WORK ORDER:
Go through the lines below. Copy those with "blind".

══ EXTRACTED RECORDS

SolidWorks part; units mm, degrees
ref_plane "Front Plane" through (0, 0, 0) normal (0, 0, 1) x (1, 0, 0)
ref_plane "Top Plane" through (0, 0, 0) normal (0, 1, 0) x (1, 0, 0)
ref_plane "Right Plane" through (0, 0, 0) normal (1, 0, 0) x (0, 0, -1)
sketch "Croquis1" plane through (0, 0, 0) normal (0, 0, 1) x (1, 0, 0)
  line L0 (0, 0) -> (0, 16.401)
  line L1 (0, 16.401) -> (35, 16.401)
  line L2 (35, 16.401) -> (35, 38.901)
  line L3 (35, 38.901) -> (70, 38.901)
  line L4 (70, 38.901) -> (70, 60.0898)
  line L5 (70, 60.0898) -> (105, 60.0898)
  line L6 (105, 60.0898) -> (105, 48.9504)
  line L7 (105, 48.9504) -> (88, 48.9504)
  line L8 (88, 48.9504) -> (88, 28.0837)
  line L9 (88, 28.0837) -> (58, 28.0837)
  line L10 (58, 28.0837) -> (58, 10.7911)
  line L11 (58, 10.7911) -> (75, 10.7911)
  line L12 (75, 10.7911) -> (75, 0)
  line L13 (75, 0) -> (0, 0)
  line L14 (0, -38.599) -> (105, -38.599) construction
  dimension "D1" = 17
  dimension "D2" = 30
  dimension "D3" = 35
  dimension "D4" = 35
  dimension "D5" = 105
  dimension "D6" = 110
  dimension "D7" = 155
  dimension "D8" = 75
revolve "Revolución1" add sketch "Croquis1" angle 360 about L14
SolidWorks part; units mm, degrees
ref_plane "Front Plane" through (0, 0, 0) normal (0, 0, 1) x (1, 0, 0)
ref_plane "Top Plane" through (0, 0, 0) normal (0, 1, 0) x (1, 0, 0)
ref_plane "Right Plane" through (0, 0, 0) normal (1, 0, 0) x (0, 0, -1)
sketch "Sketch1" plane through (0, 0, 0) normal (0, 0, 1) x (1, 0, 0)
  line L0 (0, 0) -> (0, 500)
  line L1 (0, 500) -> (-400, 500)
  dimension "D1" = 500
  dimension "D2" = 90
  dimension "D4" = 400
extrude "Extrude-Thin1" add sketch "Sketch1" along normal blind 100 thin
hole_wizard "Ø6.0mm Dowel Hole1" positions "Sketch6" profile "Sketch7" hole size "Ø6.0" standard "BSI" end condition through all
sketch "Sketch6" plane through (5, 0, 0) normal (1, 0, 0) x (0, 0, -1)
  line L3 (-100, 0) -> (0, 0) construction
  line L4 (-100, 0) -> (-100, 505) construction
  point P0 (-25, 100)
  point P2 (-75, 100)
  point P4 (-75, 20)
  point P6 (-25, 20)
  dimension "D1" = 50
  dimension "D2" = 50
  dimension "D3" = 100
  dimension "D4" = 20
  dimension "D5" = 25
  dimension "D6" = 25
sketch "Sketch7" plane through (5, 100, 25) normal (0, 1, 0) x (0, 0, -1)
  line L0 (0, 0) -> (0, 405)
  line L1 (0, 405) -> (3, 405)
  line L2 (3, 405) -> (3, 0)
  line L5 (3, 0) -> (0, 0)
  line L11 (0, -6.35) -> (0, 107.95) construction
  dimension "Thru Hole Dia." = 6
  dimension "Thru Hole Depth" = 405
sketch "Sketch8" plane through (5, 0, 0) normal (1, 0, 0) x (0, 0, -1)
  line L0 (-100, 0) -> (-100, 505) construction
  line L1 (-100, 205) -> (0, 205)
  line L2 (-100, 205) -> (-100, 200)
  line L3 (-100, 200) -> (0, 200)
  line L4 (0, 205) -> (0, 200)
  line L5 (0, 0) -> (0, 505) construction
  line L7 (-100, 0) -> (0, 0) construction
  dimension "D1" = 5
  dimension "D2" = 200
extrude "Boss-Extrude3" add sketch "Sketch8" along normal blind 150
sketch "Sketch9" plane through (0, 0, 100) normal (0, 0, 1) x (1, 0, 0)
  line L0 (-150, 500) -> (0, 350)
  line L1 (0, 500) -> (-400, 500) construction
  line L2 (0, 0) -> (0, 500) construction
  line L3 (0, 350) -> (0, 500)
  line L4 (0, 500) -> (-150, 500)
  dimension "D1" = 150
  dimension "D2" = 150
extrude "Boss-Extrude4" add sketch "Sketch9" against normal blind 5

════

OUTPUT OF THE EXERCISE:
extrude "Extrude-Thin1" add sketch "Sketch1" along normal blind 100 thin
extrude "Boss-Extrude3" add sketch "Sketch8" along normal blind 150
extrude "Boss-Extrude4" add sketch "Sketch9" against normal blind 5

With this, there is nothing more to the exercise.